Ao ponto de Jesus insistir em comer peixe para provar-lhes que não era um
fantasma.
“Vede as minhas mãos e
os meus pés, que sou eu mesmo; apalpai-me e vede, pois um espírito não tem carne
nem ossos, como vedes que eu tenho. E, dizendo isto, mostrou-lhes as mãos e os
pés. E, não o crendo eles ainda por causa da alegria, e estando maravilhados,
disse-lhes: Tendes aqui alguma coisa que comer? Então eles apresentaram-lhe
parte de um peixe assado, e um favo de mel; o que ele tomou, e comeu diante
deles.” (Lucas 24.39-43).
Não foi a ressurreição
de um cadáver. Foi a ressurreição do Deus-Homem, para uma indestrutível nova
vida de majestade à destra de Deus. A igreja primitiva o aclamou como Senhor do
Céu e da Terra.
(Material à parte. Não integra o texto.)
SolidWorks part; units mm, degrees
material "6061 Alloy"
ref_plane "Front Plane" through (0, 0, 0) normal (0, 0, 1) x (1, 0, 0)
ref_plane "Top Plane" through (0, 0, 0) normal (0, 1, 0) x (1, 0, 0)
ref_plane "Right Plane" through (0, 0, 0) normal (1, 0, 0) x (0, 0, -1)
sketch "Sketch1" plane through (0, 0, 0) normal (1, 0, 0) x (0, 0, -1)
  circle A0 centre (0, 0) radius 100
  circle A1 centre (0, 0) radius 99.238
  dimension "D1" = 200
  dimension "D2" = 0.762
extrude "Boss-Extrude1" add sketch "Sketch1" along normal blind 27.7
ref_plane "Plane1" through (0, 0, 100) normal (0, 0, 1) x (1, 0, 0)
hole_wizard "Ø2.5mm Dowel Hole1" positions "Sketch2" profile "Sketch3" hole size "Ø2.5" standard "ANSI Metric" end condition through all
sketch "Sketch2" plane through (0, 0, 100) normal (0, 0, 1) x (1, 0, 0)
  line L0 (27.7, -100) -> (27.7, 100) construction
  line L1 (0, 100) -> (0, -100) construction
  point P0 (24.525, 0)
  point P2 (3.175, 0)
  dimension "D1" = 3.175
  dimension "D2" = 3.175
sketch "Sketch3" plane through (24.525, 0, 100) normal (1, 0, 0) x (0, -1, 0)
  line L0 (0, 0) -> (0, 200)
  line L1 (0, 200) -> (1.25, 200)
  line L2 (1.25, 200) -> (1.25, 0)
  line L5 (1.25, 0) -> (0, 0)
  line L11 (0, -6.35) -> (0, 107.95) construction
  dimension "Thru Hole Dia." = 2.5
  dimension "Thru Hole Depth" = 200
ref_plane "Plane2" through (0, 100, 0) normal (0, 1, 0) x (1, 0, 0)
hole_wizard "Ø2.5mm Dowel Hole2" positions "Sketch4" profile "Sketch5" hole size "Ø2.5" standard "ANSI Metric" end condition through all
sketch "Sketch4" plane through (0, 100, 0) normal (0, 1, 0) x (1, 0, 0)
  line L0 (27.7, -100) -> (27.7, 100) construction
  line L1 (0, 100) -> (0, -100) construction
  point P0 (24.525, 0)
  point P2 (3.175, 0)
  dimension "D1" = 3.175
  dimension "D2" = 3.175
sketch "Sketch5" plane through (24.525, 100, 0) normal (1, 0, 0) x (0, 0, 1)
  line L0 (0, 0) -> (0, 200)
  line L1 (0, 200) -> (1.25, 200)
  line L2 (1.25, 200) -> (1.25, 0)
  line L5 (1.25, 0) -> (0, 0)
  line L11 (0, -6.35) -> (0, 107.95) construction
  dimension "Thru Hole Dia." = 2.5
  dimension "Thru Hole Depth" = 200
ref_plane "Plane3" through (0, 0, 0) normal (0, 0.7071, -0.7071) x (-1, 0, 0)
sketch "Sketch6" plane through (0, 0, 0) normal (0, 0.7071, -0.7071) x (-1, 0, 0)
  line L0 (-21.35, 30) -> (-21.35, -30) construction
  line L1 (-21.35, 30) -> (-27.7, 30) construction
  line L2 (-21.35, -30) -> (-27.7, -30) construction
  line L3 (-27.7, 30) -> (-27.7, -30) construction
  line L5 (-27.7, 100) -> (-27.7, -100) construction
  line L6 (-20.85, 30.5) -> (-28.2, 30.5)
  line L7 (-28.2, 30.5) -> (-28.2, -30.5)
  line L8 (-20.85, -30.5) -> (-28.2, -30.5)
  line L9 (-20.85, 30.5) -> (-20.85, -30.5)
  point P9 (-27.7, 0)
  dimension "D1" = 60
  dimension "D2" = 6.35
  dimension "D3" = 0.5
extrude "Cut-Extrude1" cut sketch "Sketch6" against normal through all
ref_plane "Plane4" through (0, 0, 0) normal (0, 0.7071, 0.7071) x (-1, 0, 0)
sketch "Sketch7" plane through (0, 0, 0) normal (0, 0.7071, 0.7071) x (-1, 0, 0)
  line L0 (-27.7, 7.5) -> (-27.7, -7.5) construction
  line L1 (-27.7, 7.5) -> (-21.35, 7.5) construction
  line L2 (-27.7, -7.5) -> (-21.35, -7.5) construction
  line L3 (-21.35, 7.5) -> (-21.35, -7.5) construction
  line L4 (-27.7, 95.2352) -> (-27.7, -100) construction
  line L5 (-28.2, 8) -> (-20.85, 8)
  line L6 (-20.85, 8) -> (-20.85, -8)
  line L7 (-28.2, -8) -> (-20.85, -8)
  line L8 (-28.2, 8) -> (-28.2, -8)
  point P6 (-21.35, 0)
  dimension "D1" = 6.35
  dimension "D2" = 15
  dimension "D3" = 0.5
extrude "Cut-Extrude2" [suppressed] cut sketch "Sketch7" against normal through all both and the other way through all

Eles diziam “Havendo feito por si mesmo a purificação dos
nossos pecados, assentou-se à destra da majestade nas alturas” (Hebreus 1.3).
Jesus terminou o trabalho inigualável que Deus lhe deu para fazer, e a
ressurreição foi a prova de que Deus ficou satisfeito.
NOTAS:
[1] - C. S. Lewis, “What Are We to Make of Jesus Christ?”